Chondroitin sulfate is a naturally-occurring nutrient found in various types of connective tissue such as cartilage, bone, ligaments and tendons. The structure of chondroitin sulfate causes it to attract water which is good news for your joints.

FAQ: Is exercise bad for my joint health?

Physical activity can actually improve joint comfort as well as joint function and quality of life. Strengthening the muscles around a joint help to stabilize the joint itself, improving joint comfort. Incorporate weights, resistance bands, and calisthenics into your exercise routine at least two days a week. Flexibility training such as yoga and stretching should be performed daily to maintain range of motion. Low-impact aerobic activities such as walking, cycling, swimming and light gardening can all be joint friendly and heart healthy. Before starting an exercise program, we recommend consulting with a healthcare professional on the level and intensity of exercise appropriate for you.

FAQ: Do I only need to take glucosamine on occasion?

Glucosamine is a nutrient whose levels in the body may decline with age. As such, it should be consumed on a regular basis. Just as you would take a multivitamin every day to ensure your body is getting all the vitamins and minerals it needs, glucosamine should be taken daily to deliver nutrition to your joints.*

FAQ: If glucosamine is naturally found in the body, why do I need to take a supplement?

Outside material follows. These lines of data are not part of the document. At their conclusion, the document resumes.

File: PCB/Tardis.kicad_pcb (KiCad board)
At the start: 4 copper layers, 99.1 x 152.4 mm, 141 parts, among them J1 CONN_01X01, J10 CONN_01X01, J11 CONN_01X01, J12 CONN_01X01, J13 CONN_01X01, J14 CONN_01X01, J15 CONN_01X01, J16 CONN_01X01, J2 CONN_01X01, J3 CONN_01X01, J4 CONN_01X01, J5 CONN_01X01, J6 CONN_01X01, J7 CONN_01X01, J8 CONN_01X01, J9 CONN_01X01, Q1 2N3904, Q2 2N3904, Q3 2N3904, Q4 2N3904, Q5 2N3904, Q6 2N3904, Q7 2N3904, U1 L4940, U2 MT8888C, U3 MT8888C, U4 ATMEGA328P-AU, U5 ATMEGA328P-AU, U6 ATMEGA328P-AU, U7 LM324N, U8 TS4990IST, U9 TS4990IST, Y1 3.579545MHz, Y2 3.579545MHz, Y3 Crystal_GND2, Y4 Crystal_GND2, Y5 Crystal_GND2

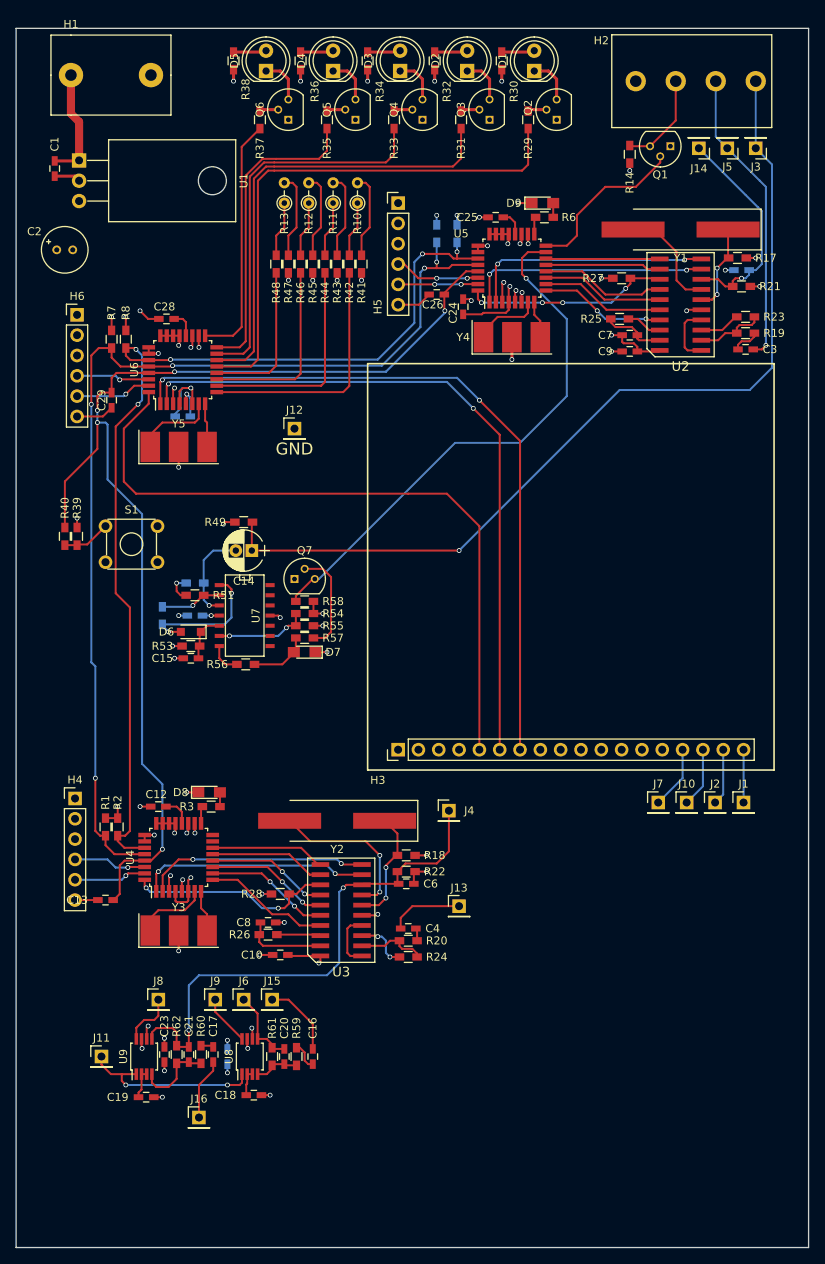
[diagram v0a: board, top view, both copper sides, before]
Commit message: Removed Raycast, implemented spawning bullets.
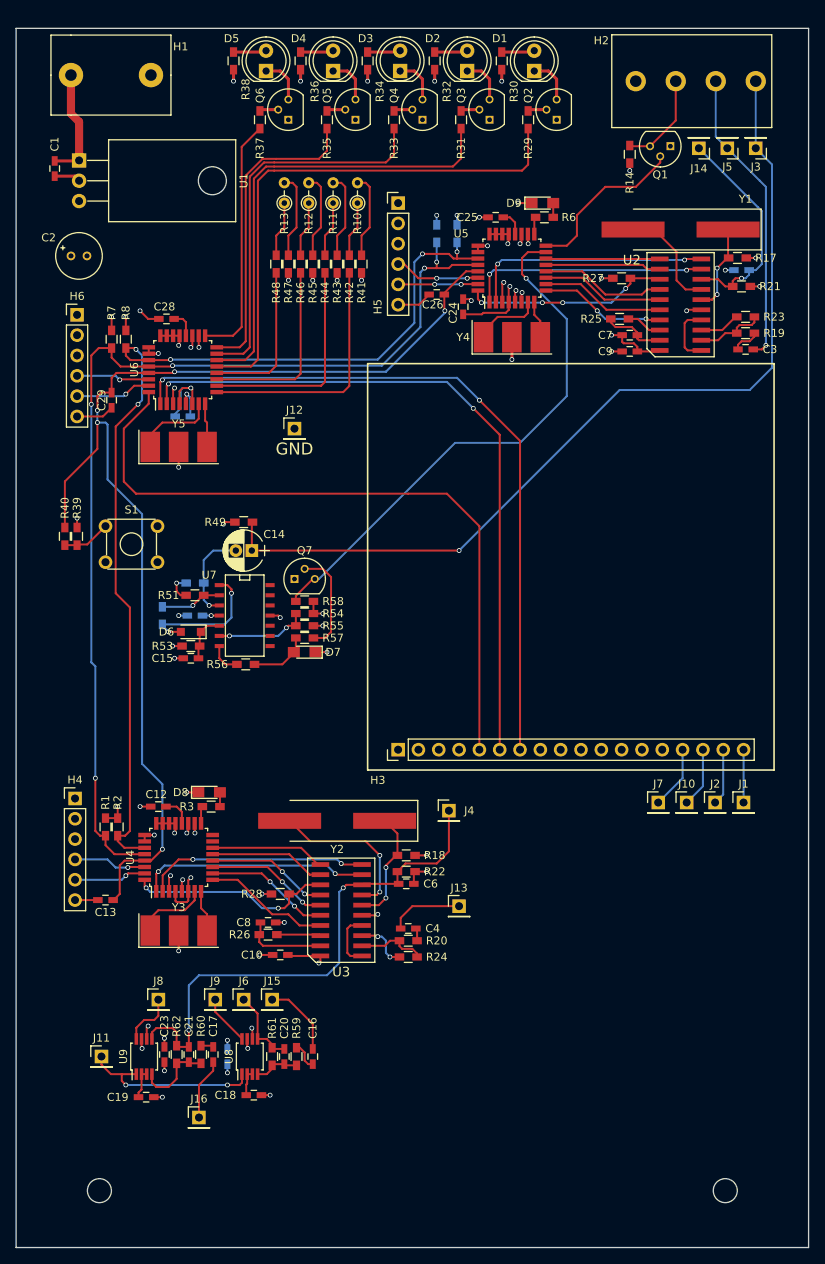
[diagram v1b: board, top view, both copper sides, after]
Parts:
- added REF**: MountingHole_3mm, Mounting_Holes:MountingHole_3mm, F.Cu at (188.2, 158.0)
- added REF**: MountingHole_3mm, Mounting_Holes:MountingHole_3mm, F.Cu at (266.4, 158.0)
- moved C2 1.93 mm to (184.7, 41.1)
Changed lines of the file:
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@@
     (links 312)
     (no_connects 8)
-    (area 177.787299 11.217 276.872701 165.112701)
+    (area 177.787299 12.687299 276.872701 165.112701)
     (thickness 1.6)
     (drawings 20)
     (tracks 1012)
     (zones 0)
-    (modules 141)
+    (modules 143)
     (nets 140)
   )
@@
   (layers
     (0 F.Cu signal)
-    (1 In1.Cu power)
-    (2 In2.Cu power)
+    (1 In1.Cu power hide)
+    (2 In2.Cu power hide)
     (31 B.Cu signal)
     (32 B.Adhes user)
@@
     (visible_elements 7FFFFFFF)
     (pcbplotparams
-      (layerselection 0x311fc_80000007)
+      (layerselection 0x000c0_00000000)
       (usegerberextensions false)
       (excludeedgelayer true)
@@
       (effects (font (size 1 1) (thickness 0.15)))
     )
-    (fp_text value 1935187 (at 1.016 7.112 180) (layer F.Fab)
+    (fp_text value 1935187 (at 7.112 4.572 180) (layer F.Fab)
       (effects (font (size 1 1) (thickness 0.15)))
     )
@@
     (descr "TO-92 leads molded, narrow, drill 0.6mm (see NXP sot054_po.pdf)")
     (tags "to-92 sc-43 sc-43a sot54 PA33 transistor")
-    (fp_text reference Q2 (at 1.524 -3.556 90) (layer F.SilkS)
+    (fp_text reference Q2 (at 3.048 -3.556 90) (layer F.SilkS)
       (effects (font (size 1 1) (thickness 0.15)))
     )
@@
   )
   (module Footprints:RADIAL_5MM (layer F.Cu)
-    (at 182.88 40.386)
+    (at 184.658 41.148)
     (fp_text reference C2 (at -2.794 -2.286 180) (layer F.SilkS)
       (effects (font (size 1 1) (thickness 0.15)))
@@
     (descr "TO-92 leads molded, narrow, drill 0.6mm (see NXP sot054_po.pdf)")
     (tags "to-92 sc-43 sc-43a sot54 PA33 transistor")
-    (fp_text reference Q3 (at 1.27 -3.56 90) (layer F.SilkS)
+    (fp_text reference Q3 (at 3.048 -3.556 90) (layer F.SilkS)
       (effects (font (size 1 1) (thickness 0.15)))
     )
@@
     (descr "TO-92 leads molded, narrow, drill 0.6mm (see NXP sot054_po.pdf)")
     (tags "to-92 sc-43 sc-43a sot54 PA33 transistor")
-    (fp_text reference Q4 (at 1.27 -3.56 90) (layer F.SilkS)
+    (fp_text reference Q4 (at 3.048 -3.556 90) (layer F.SilkS)
       (effects (font (size 1 1) (thickness 0.15)))
     )
@@
     (descr "TO-92 leads molded, narrow, drill 0.6mm (see NXP sot054_po.pdf)")
     (tags "to-92 sc-43 sc-43a sot54 PA33 transistor")
-    (fp_text reference Q5 (at 1.27 -3.56 90) (layer F.SilkS)
+    (fp_text reference Q5 (at 3.048 -3.556 90) (layer F.SilkS)
       (effects (font (size 1 1) (thickness 0.15)))
     )
@@
     (descr "TO-92 leads molded, narrow, drill 0.6mm (see NXP sot054_po.pdf)")
     (tags "to-92 sc-43 sc-43a sot54 PA33 transistor")
-    (fp_text reference Q6 (at 1.27 -3.56 90) (layer F.SilkS)
+    (fp_text reference Q6 (at 3.048 -3.556 90) (layer F.SilkS)
       (effects (font (size 1 1) (thickness 0.15)))
     )
@@
     (tags "capacitor 0603")
     (attr smd)
-    (fp_text reference C13 (at -3.556 0) (layer F.SilkS)
+    (fp_text reference C13 (at 0 1.524) (layer F.SilkS)
       (effects (font (size 1 1) (thickness 0.15)))
     )
@@
     (descr "CP, Radial series, Radial, pin pitch=2.00mm, , diameter=5mm, Electrolytic Capacitor")
     (tags "CP Radial series Radial pin pitch 2.00mm  diameter 5mm Electrolytic Capacitor")
-    (fp_text reference C14 (at 1 -3.81 180) (layer F.SilkS)
+    (fp_text reference C14 (at -2.794 2.032 180) (layer F.SilkS)
       (effects (font (size 1 1) (thickness 0.15)))
     )
@@
   (module Footprints:ED800 (layer F.Cu)
     (at 184.658 18.542)
-    (fp_text reference H1 (at 0 -6.35) (layer F.SilkS)
+    (fp_text reference H1 (at 13.716 -3.556) (layer F.SilkS)
       (effects (font (size 1 1) (thickness 0.15)))
     )
@@
       (effects (font (size 1 1) (thickness 0.15)))
     )
-    (fp_text value 1k (at 0 0 270) (layer F.Fab)
+    (fp_text value 1k (at 0.254 0 270) (layer F.Fab)
       (effects (font (size 1 1) (thickness 0.15)))
     )
@@
     (tags "resistor 0603")
     (attr smd)
-    (fp_text reference R51 (at -3.556 0 180) (layer F.SilkS)
+    (fp_text reference R51 (at 3.302 0 180) (layer F.SilkS)
       (effects (font (size 1 1) (thickness 0.15)))
     )
@@
   (module Footprints:SOIC-20 (layer F.Cu)
     (at 260.858 47.244 90)
-    (fp_text reference U2 (at -7.715 0 180) (layer F.SilkS)
+    (fp_text reference U2 (at 5.588 -6.096 180) (layer F.SilkS)
       (effects (font (size 1.2 1.2) (thickness 0.15)))
     )
@@
     (tags "CMS SOJ")
     (attr smd)
-    (fp_text reference U7 (at 0 -1.27 270) (layer F.SilkS)
+    (fp_text reference U7 (at -5.08 4.572 360) (layer F.SilkS)
       (effects (font (size 1 1) (thickness 0.15)))
     )
@@
     (descr "LED, diameter 5.0mm, 2 pins, http://cdn-reichelt.de/documents/datenblatt/A500/LL-504BC2E-009.pdf")
     (tags "LED diameter 5.0mm 2 pins")
-    (fp_text reference D1 (at 1.27 -3.96 90) (layer F.SilkS)
+    (fp_text reference D1 (at 4.064 -4.318 180) (layer F.SilkS)
       (effects (font (size 1 1) (thickness 0.15)))
     )
@@
     (descr "LED, diameter 5.0mm, 2 pins, http://cdn-reichelt.de/documents/datenblatt/A500/LL-504BC2E-009.pdf")
     (tags "LED diameter 5.0mm 2 pins")
-    (fp_text reference D2 (at 1.27 -3.96 90) (layer F.SilkS)
+    (fp_text reference D2 (at 4.064 -4.318 180) (layer F.SilkS)
       (effects (font (size 1 1) (thickness 0.15)))
     )
@@
     (descr "LED, diameter 5.0mm, 2 pins, http://cdn-reichelt.de/documents/datenblatt/A500/LL-504BC2E-009.pdf")
     (tags "LED diameter 5.0mm 2 pins")
-    (fp_text reference D3 (at 1.27 -3.96 90) (layer F.SilkS)
+    (fp_text reference D3 (at 4.064 -4.318 180) (layer F.SilkS)
       (effects (font (size 1 1) (thickness 0.15)))
     )
@@
     (descr "LED, diameter 5.0mm, 2 pins, http://cdn-reichelt.de/documents/datenblatt/A500/LL-504BC2E-009.pdf")
     (tags "LED diameter 5.0mm 2 pins")
-    (fp_text reference D4 (at 1.27 -3.96 90) (layer F.SilkS)
+    (fp_text reference D4 (at 4.064 -4.318 180) (layer F.SilkS)
       (effects (font (size 1 1) (thickness 0.15)))
     )
@@
     (descr "LED, diameter 5.0mm, 2 pins, http://cdn-reichelt.de/documents/datenblatt/A500/LL-504BC2E-009.pdf")
     (tags "LED diameter 5.0mm 2 pins")
-    (fp_text reference D5 (at 1.27 -3.96 90) (layer F.SilkS)
+    (fp_text reference D5 (at 4.064 -4.318 180) (layer F.SilkS)
       (effects (font (size 1 1) (thickness 0.15)))
     )
@@
     (tags "SMD SMT crystal hand-soldering")
     (attr smd)
-    (fp_text reference Y1 (at 0 -3.55 180) (layer F.SilkS)
+    (fp_text reference Y1 (at -8.128 3.81 180) (layer F.SilkS)
       (effects (font (size 1 1) (thickness 0.15)))
     )
@@
     )
   )
+  (module Mounting_Holes:MountingHole_3mm (layer F.Cu)
+    (at 188.214 157.988)
+    (descr "Mounting Hole 3mm, no annular")
+    (tags "mounting hole 3mm no annular")
+    (attr virtual)
+    (fp_text reference REF** (at 0 -4) (layer F.SilkS) hide
+      (effects (font (size 1 1) (thickness 0.15)))
+    )
+    (fp_text value MountingHole_3mm (at 0 4) (layer F.Fab)
+      (effects (font (size 1 1) (thickness 0.15)))
+    )
+    (fp_text user %R (at 0.3 0) (layer F.Fab)
+      (effects (font (size 1 1) (thickness 0.15)))
+    )
+    (fp_circle (center 0 0) (end 3 0) (layer Cmts.User) (width 0.15))
+    (fp_circle (center 0 0) (end 3.25 0) (layer F.CrtYd) (width 0.05))
+    (pad 1 np_thru_hole circle (at 0 0) (size 3 3) (drill 3) (layers *.Cu *.Mask))
+  )
+  (module Mounting_Holes:MountingHole_3mm (layer F.Cu)
+    (at 266.446 157.988)
+    (descr "Mounting Hole 3mm, no annular")
+    (tags "mounting hole 3mm no annular")
+    (attr virtual)
+    (fp_text reference REF** (at 0 -4) (layer F.SilkS) hide
+      (effects (font (size 1 1) (thickness 0.15)))
+    )
+    (fp_text value MountingHole_3mm (at 0 4) (layer F.Fab)
+      (effects (font (size 1 1) (thickness 0.15)))
+    )
+    (fp_text user %R (at 0.3 0) (layer F.Fab)
+      (effects (font (size 1 1) (thickness 0.15)))
+    )
+    (fp_circle (center 0 0) (end 3 0) (layer Cmts.User) (width 0.15))
+    (fp_circle (center 0 0) (end 3.25 0) (layer F.CrtYd) (width 0.05))
+    (pad 1 np_thru_hole circle (at 0 0) (size 3 3) (drill 3) (layers *.Cu *.Mask))
+  )
   (gr_line (start 178.308 16.764) (end 178.308 13.208) (angle 90) (layer Margin) (width 0.2))

While it’s true that glucosamine is naturally found in the body, this does not mean that supplementation is not important. There are many nutrients produced in the body that can still be important as a dietary supplements. For example, vitamin D is produced in the body when the sun is exposed to sunlight. Despite this, taking vitamin D as a supplement can contribute to obtaining optimal levels of this important nutrient. Even if you do not choose to supplement with vitamin D, there are food sources of vitamin D available in the diet such as eggs and fortified milk. Unfortunately, there are no major dietary sources of glucosamine, making supplements even more important.

FAQ: Do I need to take glucosamine if I eat shellfish?

There are no major food sources of glucosamine. Although glucosamine can be sourced from shellfish, it comes from the hard outer shell and not the part you eat. By supplementing with Puritan’s Pride® glucosamine products, you can be sure you are getting this important nutrient.

FAQ: Can people with shellfish allergies take glucosamine?

It is true that most of the glucosamine in dietary supplements is sourced from shellfish. However, shellfish is not the only source of glucosamine available. Glucosamine can also be found in the cell walls of plants and can be extracted to make supplements. Puritan’s Pride® offers a shellfish-free glucosamine that is sourced from corn. Vegetarians and anyone else looking to avoid shellfish can still reap all the benefits of glucosamine by choosing a shellfish-free version. Anyone with a shellfish allergy is advised to carefully read product labels before purchasing.

FAQ: Is glucosamine only for runners and athletes?

Repetitive movements performed in certain sports such as running may cause wear and tear on the joints, especially if performed consistently with bad form. Glucosamine may be a particularly good choice for active individuals who are looking to provide their body with a key structural component of cartilage. But that doesn’t mean it is only intended for the elite athlete. Glucosamine is ideal for anyone since levels can decline with age. Whether it be daily walks or just running errands, staying active is important for everyone.

References:

  • 1. Barbour KE, et al. Morb Mortal Wkly Rep. 2017;66:246-253
  • 2. Dahmer S, Schiller RM. Am Fam Physician. 2008;78(4):471–476.
  • 3. Glucosamine sulfate. Altern Med Rev. 1999;4(3):193–195.
  • 4. Qiu GX, et al. Zhonghua Yi Xue Za Zhi 2005, 85:3067-3070.
  • 5. Zhang WB, et al. Zhonghua Wai Ke Za Zhi. 2007;45(14):998–1001.